That's not how any of this works.

Nobody gets torn to shreds on HN for showing people their project, people get
torn to shreds for trying to use open source and HN as a cynical self-
marketing tool, especially when they can't back it up with something cool and
interesting. Open source doesn't exist to further the career or finances or
reputations of open source authors, it's just a nice little miracle when it
does.

If someone makes something great, there's a teeny tiny chance it'll catch on
to become widely used, and if that happens there's an even teenier, tinier
chance that the creator will at some point get paid to work on it, but that's
a tiny sliver of the open source world. If that's all your friend cares about,
then the meritocracy is real and working. Someone who will only write open
source to become rich and famous is clearly deeply confused about how and why
any of this stuff exists in the first place, and until they grow up they can't
be relied on to do good work for good reasons.

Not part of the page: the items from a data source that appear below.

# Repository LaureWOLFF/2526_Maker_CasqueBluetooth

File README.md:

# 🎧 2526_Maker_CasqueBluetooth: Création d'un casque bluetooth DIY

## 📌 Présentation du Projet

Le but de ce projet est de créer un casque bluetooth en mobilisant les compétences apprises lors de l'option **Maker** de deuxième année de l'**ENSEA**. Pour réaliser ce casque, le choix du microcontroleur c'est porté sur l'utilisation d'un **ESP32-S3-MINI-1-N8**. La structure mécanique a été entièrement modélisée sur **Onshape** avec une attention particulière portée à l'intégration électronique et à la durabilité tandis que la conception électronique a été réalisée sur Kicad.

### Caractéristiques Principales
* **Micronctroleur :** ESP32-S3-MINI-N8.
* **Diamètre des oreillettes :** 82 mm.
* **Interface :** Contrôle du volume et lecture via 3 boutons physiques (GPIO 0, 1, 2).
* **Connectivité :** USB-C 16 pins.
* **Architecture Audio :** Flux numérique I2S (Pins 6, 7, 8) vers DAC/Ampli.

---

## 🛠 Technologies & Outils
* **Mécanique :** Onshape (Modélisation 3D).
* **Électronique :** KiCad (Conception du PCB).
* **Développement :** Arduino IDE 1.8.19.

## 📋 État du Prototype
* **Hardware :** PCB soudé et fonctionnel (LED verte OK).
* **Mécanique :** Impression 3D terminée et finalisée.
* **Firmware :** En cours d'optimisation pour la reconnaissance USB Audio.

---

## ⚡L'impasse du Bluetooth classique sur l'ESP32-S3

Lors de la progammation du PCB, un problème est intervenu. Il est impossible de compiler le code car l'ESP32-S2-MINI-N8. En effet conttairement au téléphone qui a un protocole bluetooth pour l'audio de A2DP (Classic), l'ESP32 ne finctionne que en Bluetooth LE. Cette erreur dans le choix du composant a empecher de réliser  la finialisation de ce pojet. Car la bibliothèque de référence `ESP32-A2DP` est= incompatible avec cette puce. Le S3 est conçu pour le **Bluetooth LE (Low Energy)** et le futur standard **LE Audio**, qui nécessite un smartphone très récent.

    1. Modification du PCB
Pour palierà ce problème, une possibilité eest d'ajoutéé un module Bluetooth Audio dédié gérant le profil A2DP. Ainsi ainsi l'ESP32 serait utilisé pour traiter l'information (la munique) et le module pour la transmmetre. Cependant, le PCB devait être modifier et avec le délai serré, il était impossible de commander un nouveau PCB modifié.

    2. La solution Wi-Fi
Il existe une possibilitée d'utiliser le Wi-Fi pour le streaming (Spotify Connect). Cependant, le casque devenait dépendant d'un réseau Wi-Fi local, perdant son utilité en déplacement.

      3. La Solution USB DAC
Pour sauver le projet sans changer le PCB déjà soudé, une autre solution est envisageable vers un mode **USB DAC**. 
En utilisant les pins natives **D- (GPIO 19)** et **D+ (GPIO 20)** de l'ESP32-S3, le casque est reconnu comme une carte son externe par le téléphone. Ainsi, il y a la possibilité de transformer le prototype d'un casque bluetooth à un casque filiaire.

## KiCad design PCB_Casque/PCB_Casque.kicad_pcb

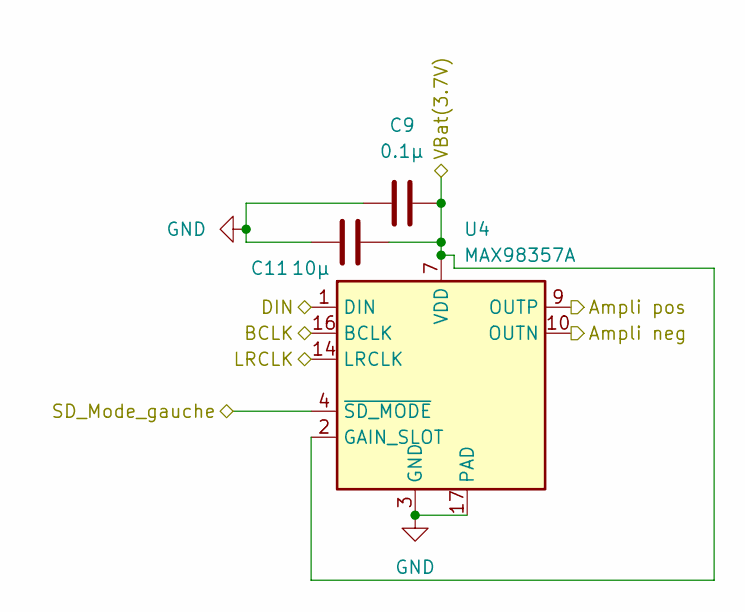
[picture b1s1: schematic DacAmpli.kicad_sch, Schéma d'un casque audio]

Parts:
C9: 0.1µ; C_0402_1005Metric_Pad0.74x0.62mm_HandSolder
C11: 10µ; C_0603_1608Metric_Pad1.08x0.95mm_HandSolder
U4: MAX98357A; TQFN-16-1EP_3x3mm_P0.5mm_EP1.23x1.23mm

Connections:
/Abaisseur/Vbat(3.7V): C9.1, C11.1, U4.2 (GAIN_SLOT), U4.7 (VDD), U4.8 (VDD); also elsewhere on the board
/DAC ampli droit/BCLK: U4.16 (BCLK); also elsewhere on the board
/DAC ampli droit/DIN: U4.1 (DIN); also elsewhere on the board
/DAC ampli droit/LRCLK: U4.14 (LRCLK); also elsewhere on the board
/DAC ampli droit/SD_Mode_droit: U4.4 (~SD_MODE); also elsewhere on the board
/DAC ampli gauche/Ampli neg: U4.10 (OUTN); also elsewhere on the board
/DAC ampli gauche/Ampli pos: U4.9 (OUTP); also elsewhere on the board
GND: C9.2, C11.2, U4.3 (GND), U4.11 (GND), U4.15 (GND), U4.17 (PAD); also elsewhere on the board

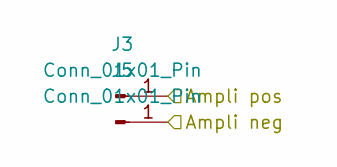
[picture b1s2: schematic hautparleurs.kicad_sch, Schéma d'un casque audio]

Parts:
J3, J5: Conn_01x01_Pin; TestPoint_Pad_D2.0mm

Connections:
/DAC ampli gauche/Ampli neg: J5.1; also elsewhere on the board
/DAC ampli gauche/Ampli pos: J3.1; also elsewhere on the board

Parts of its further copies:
J4, J6: Conn_01x01_Pin; TestPoint_Pad_D2.0mm

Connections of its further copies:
/DAC ampli droit/Ampli neg: J6.1; also elsewhere on the board
/DAC ampli droit/Ampli pos: J4.1; also elsewhere on the board

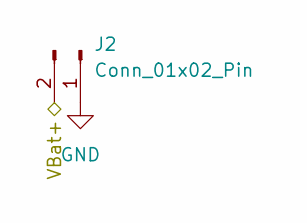
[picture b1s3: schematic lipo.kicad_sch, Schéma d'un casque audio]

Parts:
J2: Conn_01x02_Pin; JST_PH_B2B-PH-K_1x02_P2.00mm_Vertical

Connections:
/Abaisseur/Vbat(3.7V): J2.2; also elsewhere on the board
GND: J2.1; also elsewhere on the board

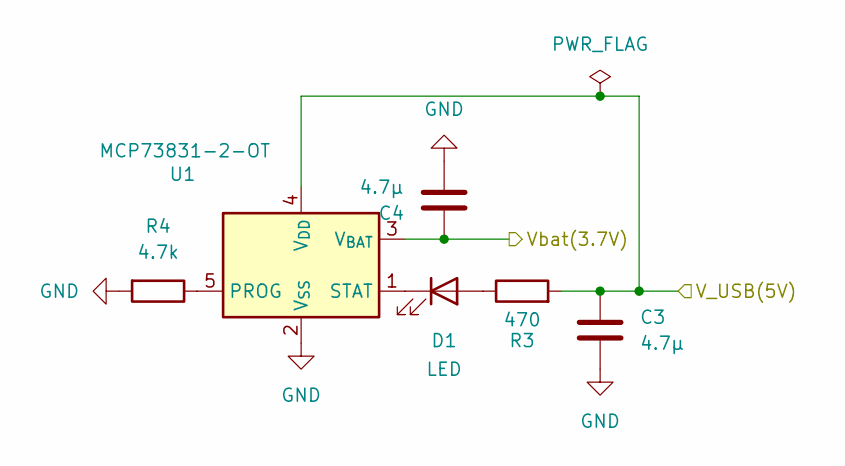
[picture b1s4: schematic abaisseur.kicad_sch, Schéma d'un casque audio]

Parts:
C3, C4: 4.7µ; C_0402_1005Metric_Pad0.74x0.62mm_HandSolder
D1: LED; LED_0603_1608Metric_Pad1.05x0.95mm_HandSolder
R3: 470; R_0402_1005Metric_Pad0.72x0.64mm_HandSolder
R4: 4.7k; R_0402_1005Metric_Pad0.72x0.64mm_HandSolder
U1: MCP73831-2-OT; SOT-23-5

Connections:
/Abaisseur/V_USB(5V): C3.1, R3.2, U1.4 (V_{DD}); also elsewhere on the board
/Abaisseur/Vbat(3.7V): C4.1, U1.3 (V_{BAT}); also elsewhere on the board
GND: C3.2, C4.2, R4.2, U1.2 (V_{SS}); also elsewhere on the board
unnamed: D1.2 (A), R3.1
unnamed: D1.1 (K), U1.1 (STAT)
unnamed: R4.1, U1.5 (PROG)

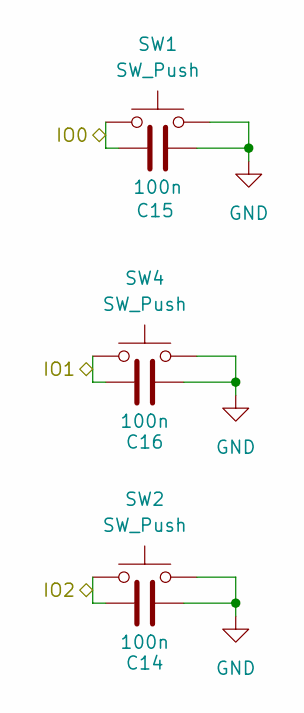
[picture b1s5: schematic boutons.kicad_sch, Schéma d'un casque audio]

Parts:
C14, C15, C16: 100n; C_0402_1005Metric_Pad0.74x0.62mm_HandSolder
SW1, SW2, SW4: SW_Push; SW_Tactile_SPST_Angled_PTS645Vx58-2LFS

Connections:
/ESP23_s3_mini_1_N8/IO0: C15.2, SW1.1; also elsewhere on the board
/ESP23_s3_mini_1_N8/IO1: C16.2, SW4.1; also elsewhere on the board
/ESP23_s3_mini_1_N8/IO2: C14.2, SW2.1; also elsewhere on the board
GND: C14.1, C15.1, C16.1, SW1.2, SW2.2, SW4.2; also elsewhere on the board

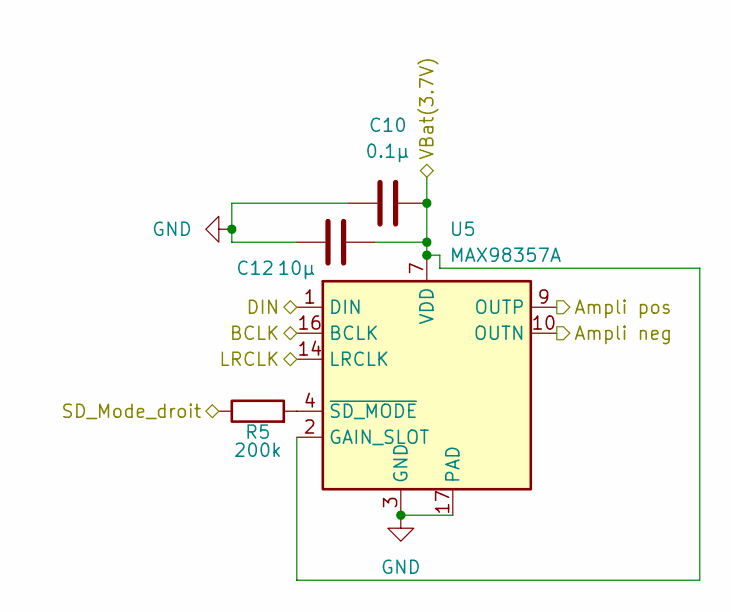
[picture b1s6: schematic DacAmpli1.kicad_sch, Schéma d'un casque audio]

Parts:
C10: 0.1µ; C_0402_1005Metric_Pad0.74x0.62mm_HandSolder
C12: 10µ; C_0603_1608Metric_Pad1.08x0.95mm_HandSolder
R5: 200k; R_0402_1005Metric_Pad0.72x0.64mm_HandSolder
U5: MAX98357A; TQFN-16-1EP_3x3mm_P0.5mm_EP1.23x1.23mm

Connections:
/Abaisseur/Vbat(3.7V): C10.1, C12.1, U5.2 (GAIN_SLOT), U5.7 (VDD), U5.8 (VDD); also elsewhere on the board
/DAC ampli droit/Ampli neg: U5.10 (OUTN); also elsewhere on the board
/DAC ampli droit/Ampli pos: U5.9 (OUTP); also elsewhere on the board
/DAC ampli droit/BCLK: U5.16 (BCLK); also elsewhere on the board
/DAC ampli droit/DIN: U5.1 (DIN); also elsewhere on the board
/DAC ampli droit/LRCLK: U5.14 (LRCLK); also elsewhere on the board
/DAC ampli droit/SD_Mode_droit: R5.1; also elsewhere on the board
GND: C10.2, C12.2, U5.3 (GND), U5.11 (GND), U5.15 (GND), U5.17 (PAD); also elsewhere on the board
unnamed: R5.2, U5.4 (~SD_MODE)

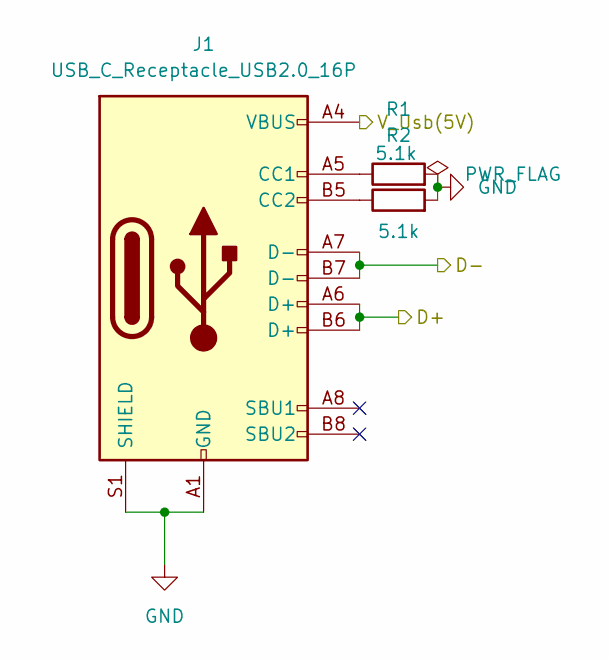
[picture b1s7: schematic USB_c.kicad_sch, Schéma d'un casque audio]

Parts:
J1: USB_C_Receptacle_USB2.0_16P; USB_C_Receptacle_GCT_USB4105-xx-A_16P_TopMnt_Horizontal
R1, R2: 5.1k; R_0402_1005Metric_Pad0.72x0.64mm_HandSolder

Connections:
/Abaisseur/V_USB(5V): J1.A4 (VBUS), J1.A9 (VBUS), J1.B4 (VBUS), J1.B9 (VBUS); also elsewhere on the board
/ESP23_s3_mini_1_N8/D+: J1.A6 (D+), J1.B6 (D+); also elsewhere on the board
/ESP23_s3_mini_1_N8/D-: J1.A7 (D-), J1.B7 (D-); also elsewhere on the board
GND: J1.A1 (GND), J1.A12 (GND), J1.B1 (GND), J1.B12 (GND), J1.S1 (SHIELD), R1.2, R2.2; also elsewhere on the board
unnamed: J1.A5 (CC1), R1.1
unnamed: J1.B5 (CC2), R2.1

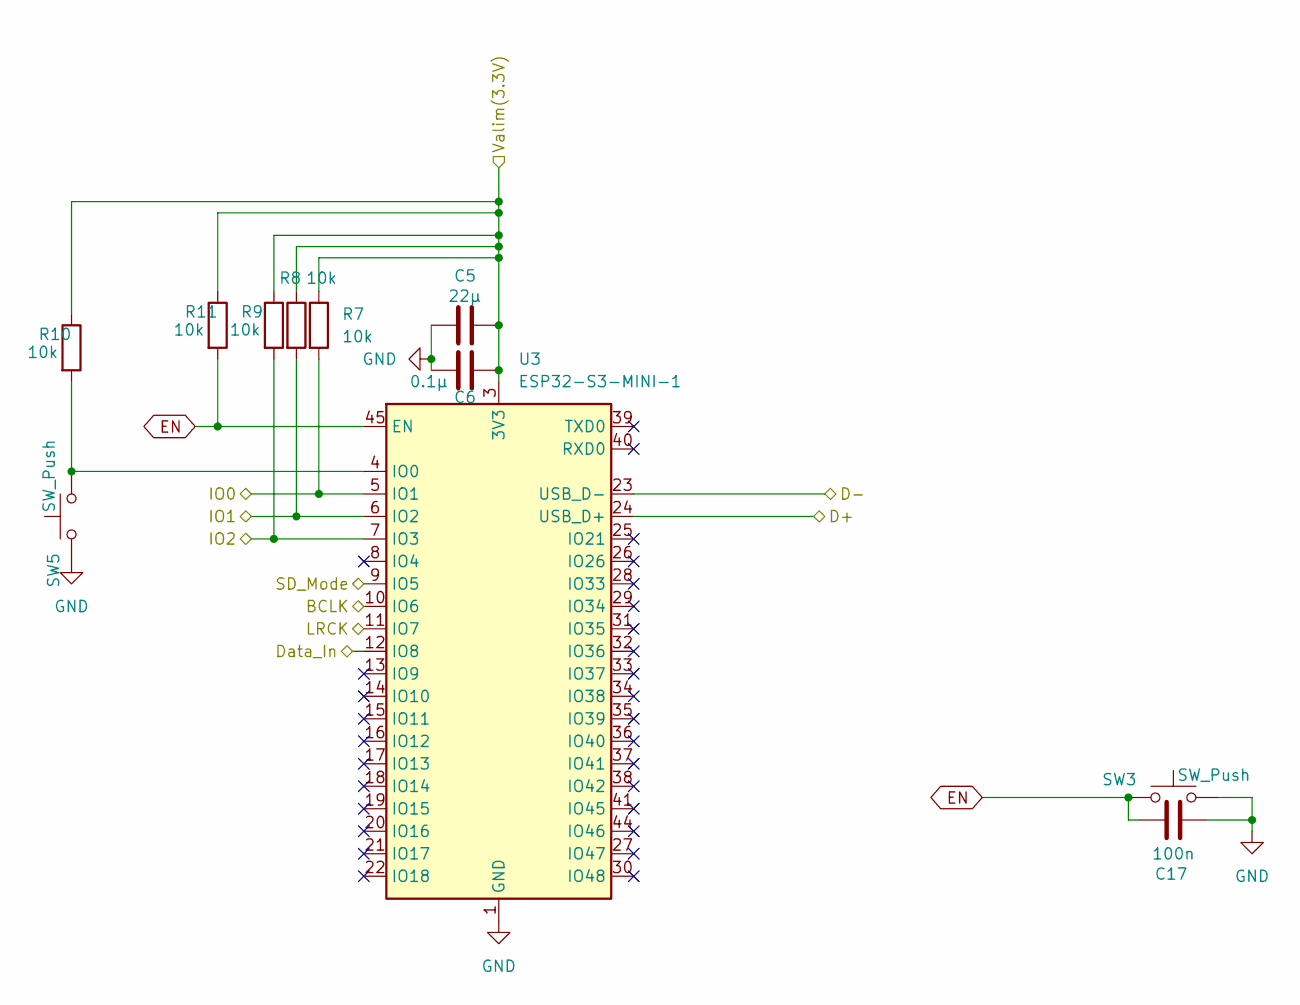
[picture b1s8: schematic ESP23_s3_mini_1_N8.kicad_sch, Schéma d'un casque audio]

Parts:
C5: 22µ; C_0603_1608Metric_Pad1.08x0.95mm_HandSolder
C6: 0.1µ; C_0402_1005Metric_Pad0.74x0.62mm_HandSolder
C17: 100n; C_0402_1005Metric_Pad0.74x0.62mm_HandSolder
R7, R8, R9, R10, R11: 10k; R_0402_1005Metric_Pad0.72x0.64mm_HandSolder
SW3, SW5: SW_Push; 435171014816
U3: ESP32-S3-MINI-1; ESP32-S2-MINI-1

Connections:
/DAC ampli droit/BCLK: U3.10 (IO6); also elsewhere on the board
/DAC ampli droit/DIN: U3.12 (IO8); also elsewhere on the board
/DAC ampli droit/LRCLK: U3.11 (IO7); also elsewhere on the board
/DAC ampli droit/SD_Mode_droit: U3.9 (IO5); also elsewhere on the board
/ESP23_s3_mini_1_N8/D+: U3.24 (USB_D+); also elsewhere on the board
/ESP23_s3_mini_1_N8/D-: U3.23 (USB_D-); also elsewhere on the board
/ESP23_s3_mini_1_N8/IO0: R7.2, U3.5 (IO1); also elsewhere on the board
/ESP23_s3_mini_1_N8/IO1: R8.2, U3.6 (IO2); also elsewhere on the board
/ESP23_s3_mini_1_N8/IO2: R9.2, U3.7 (IO3); also elsewhere on the board
/ESP23_s3_mini_1_N8/Valim(3.3V): C5.1, C6.2, R7.1, R8.1, R9.1, R10.1, R11.1, U3.3 (3V3); also elsewhere on the board
EN: C17.2, R11.2, SW3.1, U3.45 (EN)
GND: C5.2, C6.1, C17.1, SW3.2, SW5.1, U3.1 (GND), U3.2 (GND), U3.42 (GND), U3.43 (GND), U3.46 (GND), U3.47 (GND), U3.48 (GND), U3.49 (GND), U3.50 (GND), U3.51 (GND), U3.52 (GND), U3.53 (GND), U3.54 (GND), U3.55 (GND), U3.56 (GND), U3.57 (GND), U3.58 (GND), U3.59 (GND), U3.60 (GND), U3.61 (GND), U3.62 (GND), U3.63 (GND), U3.64 (GND), U3.65 (GND); also elsewhere on the board
unnamed: R10.2, SW5.2, U3.4 (IO0)

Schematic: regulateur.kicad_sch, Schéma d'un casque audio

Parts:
C1, C2: 1µ; C_0402_1005Metric_Pad0.74x0.62mm_HandSolder
U2: AP2112K-3.3; SOT-23-5

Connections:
/Abaisseur/Vbat(3.7V): C1.1, U2.1 (VIN), U2.3 (EN); also elsewhere on the board
/ESP23_s3_mini_1_N8/Valim(3.3V): C2.1, U2.5 (VOUT); also elsewhere on the board
GND: C1.2, C2.2, U2.2 (GND); also elsewhere on the board

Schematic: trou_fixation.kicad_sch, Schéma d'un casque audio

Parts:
H1, H2, H3, H4: MountingHole; MountingHole_2.7mm_M2.5

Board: 2 copper layers, 41 parts (0 on the bottom side), 25 nets, no tracks yet.

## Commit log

2026-01-21 Ajout du diagramme gantt 21/01
2026-01-21 Ajout des pièces CAO 21/01
2026-01-26 sans le CAD hors projet
2026-03-19 Prototypage du PCB
2026-03-23 ajout du PCB version final + elt du design
2026-04-16 Ajout du code
2026-05-03 Video de 1min20
2026-05-05 Ajout des TDs
2026-05-05 Ajout de la batterie

However, there's a silver lining. If instead of becoming the next Linus,
someone simply wants to steer their career towards working on open source
professionally, that's awesome and commendable. There are lots of companies
and government agencies and so on that pay people to work on open source
projects as their day-to-day job. That doesn't take social capital or name
recognition, that just requires getting a job in one of those organizations,
which span the gamut from tiny startups, to giant companies like
Google/Apple/Microsoft/etc., to government agencies like NASA. Tons of people
get paid to work on open source if that's what your friend cares about.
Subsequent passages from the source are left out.